[Source data]
_____

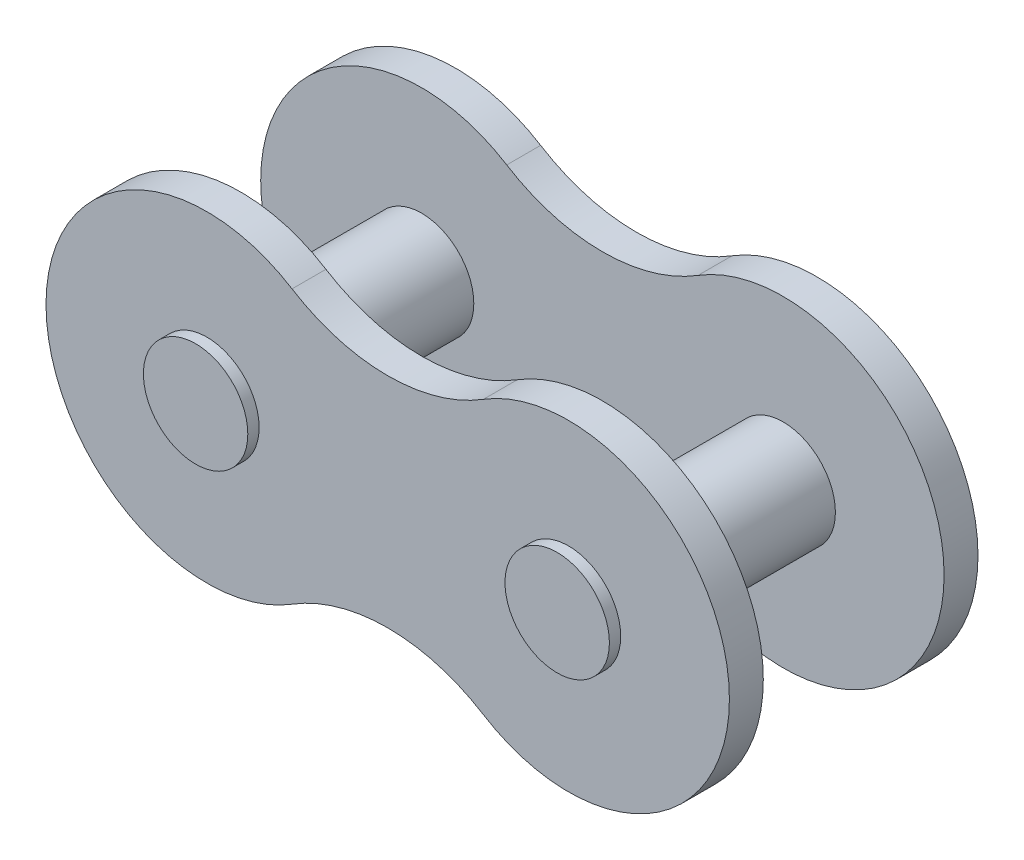
ISO-10303-21;
HEADER;
FILE_DESCRIPTION(('STEP AP214'),'2;1');
FILE_NAME('part.step','',(''),(''),'','','');
FILE_SCHEMA(('AUTOMOTIVE_DESIGN { 1 0 10303 214 1 1 1 1 }'));
ENDSEC;
DATA;
#1=APPLICATION_CONTEXT('core data for automotive mechanical design processes');
#2=APPLICATION_PROTOCOL_DEFINITION('international standard','automotive_design',2000,#1);
#3=PRODUCT_CONTEXT('',#1,'mechanical');
#4=PRODUCT('Part','Part','',(#3));
#5=PRODUCT_RELATED_PRODUCT_CATEGORY('part','',(#4));
#6=PRODUCT_DEFINITION_FORMATION('','',#4);
#7=PRODUCT_DEFINITION_CONTEXT('part definition',#1,'design');
#8=PRODUCT_DEFINITION('design','',#6,#7);
#9=PRODUCT_DEFINITION_SHAPE('','',#8);
#10=(LENGTH_UNIT() NAMED_UNIT(*) SI_UNIT(.MILLI.,.METRE.));
#11=(NAMED_UNIT(*) PLANE_ANGLE_UNIT() SI_UNIT($,.RADIAN.));
#12=(NAMED_UNIT(*) SI_UNIT($,.STERADIAN.) SOLID_ANGLE_UNIT());
#13=UNCERTAINTY_MEASURE_WITH_UNIT(LENGTH_MEASURE(1.E-05),#10,'distance_accuracy_value','');
#14=(GEOMETRIC_REPRESENTATION_CONTEXT(3) GLOBAL_UNCERTAINTY_ASSIGNED_CONTEXT((#13)) GLOBAL_UNIT_ASSIGNED_CONTEXT((#10,
#11,#12)) REPRESENTATION_CONTEXT('',''));
#15=CARTESIAN_POINT('',(0.,0.,0.));
#16=DIRECTION('',(0.,0.,1.));
#17=DIRECTION('',(1.,0.,0.));
#18=AXIS2_PLACEMENT_3D('',#15,#16,#17);
#19=CARTESIAN_POINT('',(-4.,0.,-0.25));
#20=DIRECTION('',(0.,0.,1.));
#21=DIRECTION('',(1.,0.,0.));
#22=AXIS2_PLACEMENT_3D('',#19,#20,#21);
#23=CYLINDRICAL_SURFACE('',#22,1.155);
#24=CARTESIAN_POINT('',(-4.,0.,0.75));
#25=DIRECTION('',(0.,0.,-1.));
#26=DIRECTION('',(-1.,0.,0.));
#27=AXIS2_PLACEMENT_3D('',#24,#25,#26);
#28=CIRCLE('',#27,1.155);
#29=CARTESIAN_POINT('',(-5.155,0.,0.75));
#30=VERTEX_POINT('',#29);
#31=EDGE_CURVE('E198',#30,#30,#28,.T.);
#32=ORIENTED_EDGE('',*,*,#31,.F.);
#33=EDGE_LOOP('',(#32));
#34=FACE_BOUND('',#33,.T.);
#35=CARTESIAN_POINT('',(-4.,0.,4.75));
#36=DIRECTION('',(0.,0.,1.));
#37=DIRECTION('',(1.,0.,0.));
#38=AXIS2_PLACEMENT_3D('',#35,#36,#37);
#39=CIRCLE('',#38,1.155);
#40=CARTESIAN_POINT('',(-2.845,0.,4.75));
#41=VERTEX_POINT('',#40);
#42=EDGE_CURVE('E174',#41,#41,#39,.F.);
#43=ORIENTED_EDGE('',*,*,#42,.T.);
#44=EDGE_LOOP('',(#43));
#45=FACE_BOUND('',#44,.T.);
#46=ADVANCED_FACE('F40',(#34,#45),#23,.T.);
#47=CARTESIAN_POINT('',(4.,0.,-0.25));
#48=DIRECTION('',(0.,0.,1.));
#49=DIRECTION('',(1.,0.,0.));
#50=AXIS2_PLACEMENT_3D('',#47,#48,#49);
#51=CYLINDRICAL_SURFACE('',#50,1.155);
#52=CARTESIAN_POINT('',(4.,0.,0.75));
#53=DIRECTION('',(0.,0.,-1.));
#54=DIRECTION('',(-1.,0.,0.));
#55=AXIS2_PLACEMENT_3D('',#52,#53,#54);
#56=CIRCLE('',#55,1.155);
#57=CARTESIAN_POINT('',(2.845,0.,0.75));
#58=VERTEX_POINT('',#57);
#59=EDGE_CURVE('E186',#58,#58,#56,.T.);
#60=ORIENTED_EDGE('',*,*,#59,.F.);
#61=EDGE_LOOP('',(#60));
#62=FACE_BOUND('',#61,.T.);
#63=CARTESIAN_POINT('',(4.,0.,4.75));
#64=DIRECTION('',(0.,0.,1.));
#65=DIRECTION('',(1.,0.,0.));
#66=AXIS2_PLACEMENT_3D('',#63,#64,#65);
#67=CIRCLE('',#66,1.155);
#68=CARTESIAN_POINT('',(5.155,0.,4.75));
#69=VERTEX_POINT('',#68);
#70=EDGE_CURVE('E44',#69,#69,#67,.F.);
#71=ORIENTED_EDGE('',*,*,#70,.T.);
#72=EDGE_LOOP('',(#71));
#73=FACE_BOUND('',#72,.T.);
#74=ADVANCED_FACE('F257',(#62,#73),#51,.T.);
#75=CARTESIAN_POINT('',(0.,6.41510716979849,0.75));
#76=DIRECTION('',(0.,0.,-1.));
#77=DIRECTION('',(-1.,0.,0.));
#78=AXIS2_PLACEMENT_3D('',#75,#76,#77);
#79=CYLINDRICAL_SURFACE('',#78,4.);
#80=CARTESIAN_POINT('',(0.,6.41510716979849,0.));
#81=DIRECTION('',(0.,0.,-1.));
#82=DIRECTION('',(-1.,0.,0.));
#83=AXIS2_PLACEMENT_3D('',#80,#81,#82);
#84=CIRCLE('',#83,4.);
#85=CARTESIAN_POINT('',(2.11640211640212,3.02087057202151,0.));
#86=VERTEX_POINT('',#85);
#87=CARTESIAN_POINT('',(-2.11640211640212,3.02087057202151,0.));
#88=VERTEX_POINT('',#87);
#89=EDGE_CURVE('E202',#86,#88,#84,.T.);
#90=ORIENTED_EDGE('',*,*,#89,.T.);
#91=DIRECTION('',(0.,0.,-1.));
#92=VECTOR('',#91,1.);
#93=CARTESIAN_POINT('',(-2.11640211640212,3.02087057202151,0.75));
#94=LINE('',#93,#92);
#95=CARTESIAN_POINT('',(-2.11640211640212,3.02087057202151,0.75));
#96=VERTEX_POINT('',#95);
#97=EDGE_CURVE('E232',#96,#88,#94,.T.);
#98=ORIENTED_EDGE('',*,*,#97,.F.);
#99=CARTESIAN_POINT('',(0.,6.41510716979849,0.75));
#100=DIRECTION('',(0.,0.,-1.));
#101=DIRECTION('',(-1.,0.,0.));
#102=AXIS2_PLACEMENT_3D('',#99,#100,#101);
#103=CIRCLE('',#102,4.);
#104=CARTESIAN_POINT('',(2.11640211640212,3.02087057202151,0.75));
#105=VERTEX_POINT('',#104);
#106=EDGE_CURVE('E203',#105,#96,#103,.T.);
#107=ORIENTED_EDGE('',*,*,#106,.F.);
#108=DIRECTION('',(0.,0.,-1.));
#109=VECTOR('',#108,1.);
#110=CARTESIAN_POINT('',(2.11640211640212,3.02087057202151,0.75));
#111=LINE('',#110,#109);
#112=EDGE_CURVE('E213',#105,#86,#111,.T.);
#113=ORIENTED_EDGE('',*,*,#112,.T.);
#114=EDGE_LOOP('',(#90,#98,#107,#113));
#115=FACE_BOUND('',#114,.T.);
#116=ADVANCED_FACE('F42',(#115),#79,.F.);
#117=CARTESIAN_POINT('',(-4.,0.,0.75));
#118=DIRECTION('',(0.,0.,-1.));
#119=DIRECTION('',(-1.,0.,0.));
#120=AXIS2_PLACEMENT_3D('',#117,#118,#119);
#121=CYLINDRICAL_SURFACE('',#120,3.56);
#122=CARTESIAN_POINT('',(-4.,0.,0.));
#123=DIRECTION('',(0.,0.,1.));
#124=DIRECTION('',(1.,0.,0.));
#125=AXIS2_PLACEMENT_3D('',#122,#123,#124);
#126=CIRCLE('',#125,3.56);
#127=CARTESIAN_POINT('',(-2.11640211640211,-3.02087057202151,0.));
#128=VERTEX_POINT('',#127);
#129=EDGE_CURVE('E217',#88,#128,#126,.T.);
#130=ORIENTED_EDGE('',*,*,#129,.T.);
#131=DIRECTION('',(0.,0.,-1.));
#132=VECTOR('',#131,1.);
#133=CARTESIAN_POINT('',(-2.11640211640211,-3.02087057202151,0.75));
#134=LINE('',#133,#132);
#135=CARTESIAN_POINT('',(-2.11640211640211,-3.02087057202151,0.75));
#136=VERTEX_POINT('',#135);
#137=EDGE_CURVE('E229',#136,#128,#134,.T.);
#138=ORIENTED_EDGE('',*,*,#137,.F.);
#139=CARTESIAN_POINT('',(-4.,0.,0.75));
#140=DIRECTION('',(0.,0.,1.));
#141=DIRECTION('',(1.,0.,0.));
#142=AXIS2_PLACEMENT_3D('',#139,#140,#141);
#143=CIRCLE('',#142,3.56);
#144=EDGE_CURVE('E92',#96,#136,#143,.T.);
#145=ORIENTED_EDGE('',*,*,#144,.F.);
#146=ORIENTED_EDGE('',*,*,#97,.T.);
#147=EDGE_LOOP('',(#130,#138,#145,#146));
#148=FACE_BOUND('',#147,.T.);
#149=ADVANCED_FACE('F311',(#148),#121,.T.);
#150=CARTESIAN_POINT('',(0.,-6.41510716979849,0.75));
#151=DIRECTION('',(0.,0.,-1.));
#152=DIRECTION('',(-1.,0.,0.));
#153=AXIS2_PLACEMENT_3D('',#150,#151,#152);
#154=CYLINDRICAL_SURFACE('',#153,4.);
#155=CARTESIAN_POINT('',(0.,-6.41510716979849,0.));
#156=DIRECTION('',(0.,0.,-1.));
#157=DIRECTION('',(1.,0.,0.));
#158=AXIS2_PLACEMENT_3D('',#155,#156,#157);
#159=CIRCLE('',#158,4.);
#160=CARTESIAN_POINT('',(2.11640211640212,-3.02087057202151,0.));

_____

■ **WHAT TO PRODUCE**: In your answer, include only the lines above starting at the line that holds "#111=LINE('',#110,#109);" and ending at the line that holds "#138=ORIENTED_EDGE('',*,*,#137,.F.);", copied exactly.

■ **RESULT OF THE TASK**:
#111=LINE('',#110,#109);
#112=EDGE_CURVE('E213',#105,#86,#111,.T.);
#113=ORIENTED_EDGE('',*,*,#112,.T.);
#114=EDGE_LOOP('',(#90,#98,#107,#113));
#115=FACE_BOUND('',#114,.T.);
#116=ADVANCED_FACE('F42',(#115),#79,.F.);
#117=CARTESIAN_POINT('',(-4.,0.,0.75));
#118=DIRECTION('',(0.,0.,-1.));
#119=DIRECTION('',(-1.,0.,0.));
#120=AXIS2_PLACEMENT_3D('',#117,#118,#119);
#121=CYLINDRICAL_SURFACE('',#120,3.56);
#122=CARTESIAN_POINT('',(-4.,0.,0.));
#123=DIRECTION('',(0.,0.,1.));
#124=DIRECTION('',(1.,0.,0.));
#125=AXIS2_PLACEMENT_3D('',#122,#123,#124);
#126=CIRCLE('',#125,3.56);
#127=CARTESIAN_POINT('',(-2.11640211640211,-3.02087057202151,0.));
#128=VERTEX_POINT('',#127);
#129=EDGE_CURVE('E217',#88,#128,#126,.T.);
#130=ORIENTED_EDGE('',*,*,#129,.T.);
#131=DIRECTION('',(0.,0.,-1.));
#132=VECTOR('',#131,1.);
#133=CARTESIAN_POINT('',(-2.11640211640211,-3.02087057202151,0.75));
#134=LINE('',#133,#132);
#135=CARTESIAN_POINT('',(-2.11640211640211,-3.02087057202151,0.75));
#136=VERTEX_POINT('',#135);
#137=EDGE_CURVE('E229',#136,#128,#134,.T.);
#138=ORIENTED_EDGE('',*,*,#137,.F.);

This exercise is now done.